## Problem description
Everything from the line containing "line L7 (20, 0) -> (0, 0)" through the line containing "line L4 (-30, 0) -> (-30, 10) construction" should be repeated exactly, and nothing else from the data.

(Data to process begins)

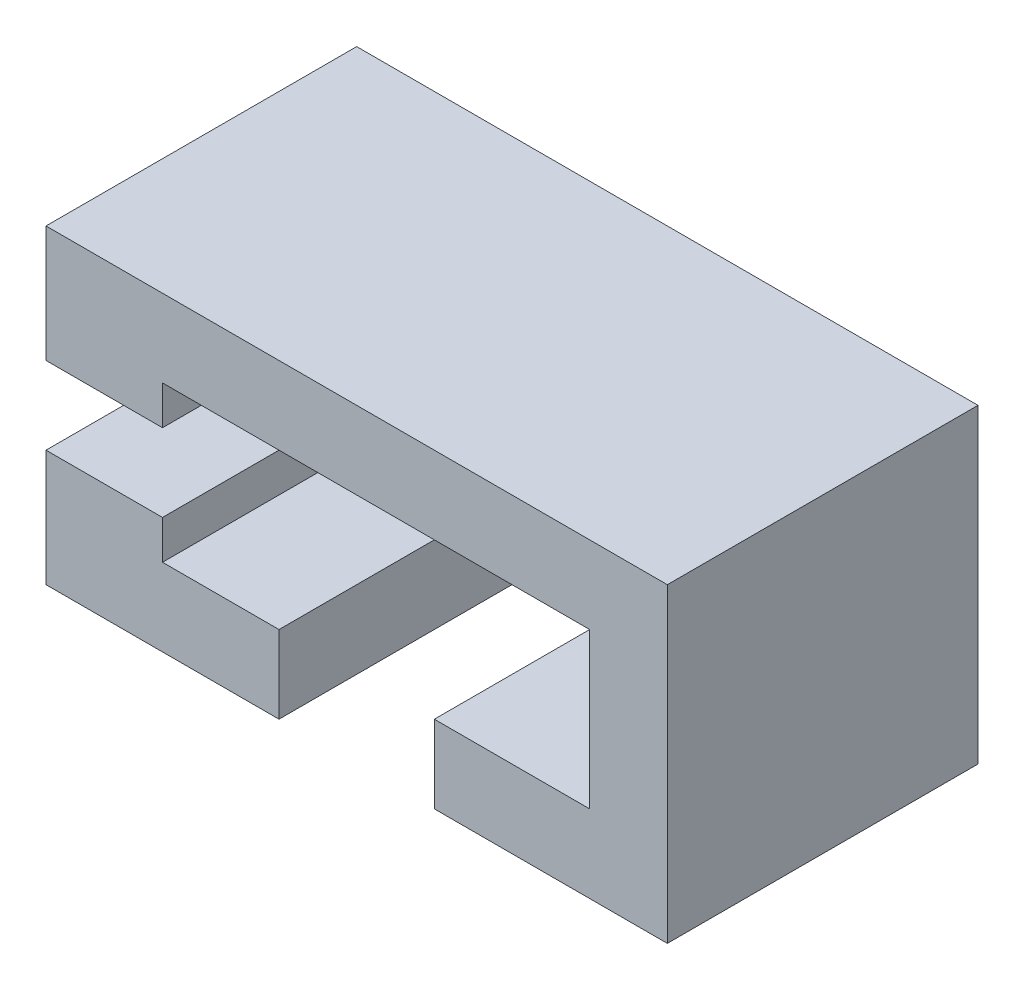
SolidWorks part; units mm, degrees
ref_plane "Front Plane" through (0, 0, 0) normal (0, 0, 1) x (1, 0, 0)
ref_plane "Top Plane" through (0, 0, 0) normal (0, 1, 0) x (1, 0, 0)
ref_plane "Right Plane" through (0, 0, 0) normal (1, 0, 0) x (0, 0, -1)
sketch "Sketch1" plane through (0, 0, 0) normal (1, 0, 0) x (0, 0, -1)
  line L0 (0, 0) -> (0, -15)
  line L1 (0, -15) -> (40, -15)
  line L2 (40, -15) -> (40, 25)
  line L3 (40, 25) -> (0, 25)
  line L4 (0, 25) -> (0, 10)
  line L5 (0, 10) -> (20, 10)
  line L6 (20, 10) -> (20, 0)
  line L7 (20, 0) -> (0, 0)
  dimension "D1" = 40
  dimension "D2" = 10
  dimension "D3" = 20
  dimension "D4" = 40
  dimension "D5" = 15
extrude "Boss-Extrude1" add sketch "Sketch1" against normal blind 80
ref_plane "Plane1" through (0, 0, 0) normal (1, 0, 0) x (0, 0, -1)
sketch "Sketch3" plane through (0, -15, 0) normal (0, -1, 0) x (1, 0, 0)
  line L0 (-30, 0) -> (-30, -40)
  line L1 (-80, 0) -> (0, 0) construction
  line L2 (-80, -40) -> (0, -40) construction
  line L3 (-30, -40) -> (-50, -40)
  line L4 (-50, -40) -> (-50, 0)
  line L5 (-50, 0) -> (-30, 0)
  line L6 (0, -22) -> (0, 22) construction
  dimension "D1" = 20
  dimension "D2" = 30
extrude "Cut-Extrude1" cut sketch "Sketch3" against normal blind 25
sketch "Sketch4" plane through (0, 0, 0) normal (0, 0, 1) x (1, 0, 0)
  line L0 (-65, 10) -> (-65, 15)
  line L1 (-80, 10) -> (0, 10) construction
  line L2 (-65, 15) -> (-10, 15)
  line L3 (-10, 15) -> (-10, 10)
  line L4 (-10, 10) -> (-65, 10)
  line L5 (-80, 25) -> (-80, 10) construction
  dimension "D1" = 15
  dimension "D2" = 70
  dimension "D3" = 5
extrude "Cut-Extrude2" cut sketch "Sketch4" against normal blind 40
sketch "Sketch6" plane through (0, 0, 0) normal (0, 0, 1) x (1, 0, 0)
  line L0 (-30, -5) -> (-10, -5)
  line L1 (-30, -15) -> (-30, 0) construction
  line L2 (-10, -5) -> (-10, 0)
  line L3 (-30, 0) -> (0, 0) construction
  line L4 (-10, 0) -> (-30, 0)
  line L5 (-30, 0) -> (-30, -5)
  dimension "D1" = 5
  dimension "D2" = 20
extrude "Cut-Extrude3" cut sketch "Sketch6" against normal blind 40
sketch "Sketch7" plane through (0, 0, -20) normal (0, 0, 1) x (1, 0, 0)
  line L0 (-10, 0) -> (-10, 10)
  line L1 (-10, 10) -> (-30, 10)
  line L2 (-30, 10) -> (-30, 0)
  line L3 (-30, 0) -> (-10, 0) construction
  line L4 (-30, 0) -> (-30, 10) construction
  line L5 (-30, 0) -> (-10, 0)
extrude "Cut-Extrude4" cut sketch "Sketch7" against normal blind 20
sketch "Sketch8" plane through (0, 0, -20) normal (0, 0, 1) x (1, 0, 0)
  line L0 (0, 0) -> (-10, 0)
  line L1 (-10, 0) -> (-10, 10)
  line L2 (-10, 10) -> (0, 10)
  line L3 (-10, 10) -> (0, 10) construction
  line L4 (0, 10) -> (0, 0)
extrude "Boss-Extrude2" add sketch "Sketch8" along normal blind 20
sketch "Sketch9" plane through (0, 0, -20) normal (0, 0, 1) x (1, 0, 0)
  line L0 (-65, 10) -> (-65, 0)
  line L1 (-80, 0) -> (-50, 0) construction
  line L2 (-65, 0) -> (-50, 0)
  line L3 (-50, 0) -> (-50, 10)
  line L4 (-50, 10) -> (-65, 10)
extrude "Cut-Extrude5" cut sketch "Sketch9" against normal blind 20
sketch "Sketch11" plane through (0, 0, -40) normal (0, 0, -1) x (-1, 0, 0)
  line L0 (50, 0) -> (50, -5)
  line L1 (50, 0) -> (50, -15) construction
  line L2 (50, -5) -> (65, -5)
  line L3 (65, -5) -> (65, 0)
  line L4 (65, 0) -> (50, 0)
  dimension "D1" = 5
extrude "Cut-Extrude6" cut sketch "Sketch11" against normal blind 40

(Data to process ends)

## Solution to the exercise
  line L7 (20, 0) -> (0, 0)
  dimension "D1" = 40
  dimension "D2" = 10
  dimension "D3" = 20
  dimension "D4" = 40
  dimension "D5" = 15
extrude "Boss-Extrude1" add sketch "Sketch1" against normal blind 80
ref_plane "Plane1" through (0, 0, 0) normal (1, 0, 0) x (0, 0, -1)
sketch "Sketch3" plane through (0, -15, 0) normal (0, -1, 0) x (1, 0, 0)
  line L0 (-30, 0) -> (-30, -40)
  line L1 (-80, 0) -> (0, 0) construction
  line L2 (-80, -40) -> (0, -40) construction
  line L3 (-30, -40) -> (-50, -40)
  line L4 (-50, -40) -> (-50, 0)
  line L5 (-50, 0) -> (-30, 0)
  line L6 (0, -22) -> (0, 22) construction
  dimension "D1" = 20
  dimension "D2" = 30
extrude "Cut-Extrude1" cut sketch "Sketch3" against normal blind 25
sketch "Sketch4" plane through (0, 0, 0) normal (0, 0, 1) x (1, 0, 0)
  line L0 (-65, 10) -> (-65, 15)
  line L1 (-80, 10) -> (0, 10) construction
  line L2 (-65, 15) -> (-10, 15)
  line L3 (-10, 15) -> (-10, 10)
  line L4 (-10, 10) -> (-65, 10)
  line L5 (-80, 25) -> (-80, 10) construction
  dimension "D1" = 15
  dimension "D2" = 70
  dimension "D3" = 5
extrude "Cut-Extrude2" cut sketch "Sketch4" against normal blind 40
sketch "Sketch6" plane through (0, 0, 0) normal (0, 0, 1) x (1, 0, 0)
  line L0 (-30, -5) -> (-10, -5)
  line L1 (-30, -15) -> (-30, 0) construction
  line L2 (-10, -5) -> (-10, 0)
  line L3 (-30, 0) -> (0, 0) construction
  line L4 (-10, 0) -> (-30, 0)
  line L5 (-30, 0) -> (-30, -5)
  dimension "D1" = 5
  dimension "D2" = 20
extrude "Cut-Extrude3" cut sketch "Sketch6" against normal blind 40
sketch "Sketch7" plane through (0, 0, -20) normal (0, 0, 1) x (1, 0, 0)
  line L0 (-10, 0) -> (-10, 10)
  line L1 (-10, 10) -> (-30, 10)
  line L2 (-30, 10) -> (-30, 0)
  line L3 (-30, 0) -> (-10, 0) construction
  line L4 (-30, 0) -> (-30, 10) construction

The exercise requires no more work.